- Exercise instructions: Nothing in the data below may be left out; return all of it exactly.

- Entries provided:
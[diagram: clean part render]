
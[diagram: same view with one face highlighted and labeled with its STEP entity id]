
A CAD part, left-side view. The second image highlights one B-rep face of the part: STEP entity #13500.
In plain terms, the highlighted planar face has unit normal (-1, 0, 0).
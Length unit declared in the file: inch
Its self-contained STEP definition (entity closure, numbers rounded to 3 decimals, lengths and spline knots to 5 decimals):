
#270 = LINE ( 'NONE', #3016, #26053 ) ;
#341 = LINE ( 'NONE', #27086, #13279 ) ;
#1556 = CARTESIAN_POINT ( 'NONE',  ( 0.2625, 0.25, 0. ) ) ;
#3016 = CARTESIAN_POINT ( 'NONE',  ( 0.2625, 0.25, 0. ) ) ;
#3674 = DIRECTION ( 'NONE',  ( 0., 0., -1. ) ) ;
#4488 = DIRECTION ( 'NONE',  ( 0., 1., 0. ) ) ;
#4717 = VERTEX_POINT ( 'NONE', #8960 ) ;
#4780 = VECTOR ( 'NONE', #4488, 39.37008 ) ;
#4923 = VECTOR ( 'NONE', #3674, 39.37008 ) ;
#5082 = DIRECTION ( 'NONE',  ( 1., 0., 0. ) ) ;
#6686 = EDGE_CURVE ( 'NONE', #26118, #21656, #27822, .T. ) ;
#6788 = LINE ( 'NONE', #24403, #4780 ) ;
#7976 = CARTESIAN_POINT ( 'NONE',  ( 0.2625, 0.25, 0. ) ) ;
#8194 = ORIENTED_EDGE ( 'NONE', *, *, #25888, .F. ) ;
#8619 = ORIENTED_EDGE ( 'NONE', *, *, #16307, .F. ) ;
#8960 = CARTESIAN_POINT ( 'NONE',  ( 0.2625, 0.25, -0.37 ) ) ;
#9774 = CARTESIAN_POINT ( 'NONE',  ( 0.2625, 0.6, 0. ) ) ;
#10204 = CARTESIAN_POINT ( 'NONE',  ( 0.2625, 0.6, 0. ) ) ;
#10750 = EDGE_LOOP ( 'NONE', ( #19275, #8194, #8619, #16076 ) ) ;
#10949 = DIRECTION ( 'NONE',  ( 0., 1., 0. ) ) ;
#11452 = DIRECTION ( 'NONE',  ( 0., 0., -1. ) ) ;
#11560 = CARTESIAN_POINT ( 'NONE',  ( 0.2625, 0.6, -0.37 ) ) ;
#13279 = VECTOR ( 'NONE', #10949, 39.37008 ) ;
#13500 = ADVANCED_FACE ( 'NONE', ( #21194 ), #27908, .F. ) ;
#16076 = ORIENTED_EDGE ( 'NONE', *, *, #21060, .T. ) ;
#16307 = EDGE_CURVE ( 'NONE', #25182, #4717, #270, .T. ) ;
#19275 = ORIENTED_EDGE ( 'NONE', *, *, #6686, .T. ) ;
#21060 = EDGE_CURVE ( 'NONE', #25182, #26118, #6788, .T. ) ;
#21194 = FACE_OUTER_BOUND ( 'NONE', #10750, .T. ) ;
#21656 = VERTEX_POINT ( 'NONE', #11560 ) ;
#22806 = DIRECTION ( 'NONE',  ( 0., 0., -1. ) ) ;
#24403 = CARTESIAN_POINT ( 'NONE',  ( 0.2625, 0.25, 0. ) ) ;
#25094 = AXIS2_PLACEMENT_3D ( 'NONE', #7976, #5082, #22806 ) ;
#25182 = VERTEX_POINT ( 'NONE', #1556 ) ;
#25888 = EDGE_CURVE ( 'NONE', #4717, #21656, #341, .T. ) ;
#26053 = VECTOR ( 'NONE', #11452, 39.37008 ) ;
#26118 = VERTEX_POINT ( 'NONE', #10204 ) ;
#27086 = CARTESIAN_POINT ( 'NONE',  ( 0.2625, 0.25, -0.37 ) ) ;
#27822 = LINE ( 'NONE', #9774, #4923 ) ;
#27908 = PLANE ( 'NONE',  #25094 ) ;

- Answer space:
[diagram: clean part render]
[diagram: same view with one face highlighted and labeled with its STEP entity id]
A CAD part, left-side view. The second image highlights one B-rep face of the part: STEP entity #13500.
In plain terms, the highlighted planar face has unit normal (-1, 0, 0).
Length unit declared in the file: inch
Its self-contained STEP definition (entity closure, numbers rounded to 3 decimals, lengths and spline knots to 5 decimals):
#270 = LINE ( 'NONE', #3016, #26053 ) ;
#341 = LINE ( 'NONE', #27086, #13279 ) ;
#1556 = CARTESIAN_POINT ( 'NONE',  ( 0.2625, 0.25, 0. ) ) ;
#3016 = CARTESIAN_POINT ( 'NONE',  ( 0.2625, 0.25, 0. ) ) ;
#3674 = DIRECTION ( 'NONE',  ( 0., 0., -1. ) ) ;
#4488 = DIRECTION ( 'NONE',  ( 0., 1., 0. ) ) ;
#4717 = VERTEX_POINT ( 'NONE', #8960 ) ;
#4780 = VECTOR ( 'NONE', #4488, 39.37008 ) ;
#4923 = VECTOR ( 'NONE', #3674, 39.37008 ) ;
#5082 = DIRECTION ( 'NONE',  ( 1., 0., 0. ) ) ;
#6686 = EDGE_CURVE ( 'NONE', #26118, #21656, #27822, .T. ) ;
#6788 = LINE ( 'NONE', #24403, #4780 ) ;
#7976 = CARTESIAN_POINT ( 'NONE',  ( 0.2625, 0.25, 0. ) ) ;
#8194 = ORIENTED_EDGE ( 'NONE', *, *, #25888, .F. ) ;
#8619 = ORIENTED_EDGE ( 'NONE', *, *, #16307, .F. ) ;
#8960 = CARTESIAN_POINT ( 'NONE',  ( 0.2625, 0.25, -0.37 ) ) ;
#9774 = CARTESIAN_POINT ( 'NONE',  ( 0.2625, 0.6, 0. ) ) ;
#10204 = CARTESIAN_POINT ( 'NONE',  ( 0.2625, 0.6, 0. ) ) ;
#10750 = EDGE_LOOP ( 'NONE', ( #19275, #8194, #8619, #16076 ) ) ;
#10949 = DIRECTION ( 'NONE',  ( 0., 1., 0. ) ) ;
#11452 = DIRECTION ( 'NONE',  ( 0., 0., -1. ) ) ;
#11560 = CARTESIAN_POINT ( 'NONE',  ( 0.2625, 0.6, -0.37 ) ) ;
#13279 = VECTOR ( 'NONE', #10949, 39.37008 ) ;
#13500 = ADVANCED_FACE ( 'NONE', ( #21194 ), #27908, .F. ) ;
#16076 = ORIENTED_EDGE ( 'NONE', *, *, #21060, .T. ) ;
#16307 = EDGE_CURVE ( 'NONE', #25182, #4717, #270, .T. ) ;
#19275 = ORIENTED_EDGE ( 'NONE', *, *, #6686, .T. ) ;
#21060 = EDGE_CURVE ( 'NONE', #25182, #26118, #6788, .T. ) ;
#21194 = FACE_OUTER_BOUND ( 'NONE', #10750, .T. ) ;
#21656 = VERTEX_POINT ( 'NONE', #11560 ) ;
#22806 = DIRECTION ( 'NONE',  ( 0., 0., -1. ) ) ;
#24403 = CARTESIAN_POINT ( 'NONE',  ( 0.2625, 0.25, 0. ) ) ;
#25094 = AXIS2_PLACEMENT_3D ( 'NONE', #7976, #5082, #22806 ) ;
#25182 = VERTEX_POINT ( 'NONE', #1556 ) ;
#25888 = EDGE_CURVE ( 'NONE', #4717, #21656, #341, .T. ) ;
#26053 = VECTOR ( 'NONE', #11452, 39.37008 ) ;
#26118 = VERTEX_POINT ( 'NONE', #10204 ) ;
#27086 = CARTESIAN_POINT ( 'NONE',  ( 0.2625, 0.25, -0.37 ) ) ;
#27822 = LINE ( 'NONE', #9774, #4923 ) ;
#27908 = PLANE ( 'NONE',  #25094 ) ;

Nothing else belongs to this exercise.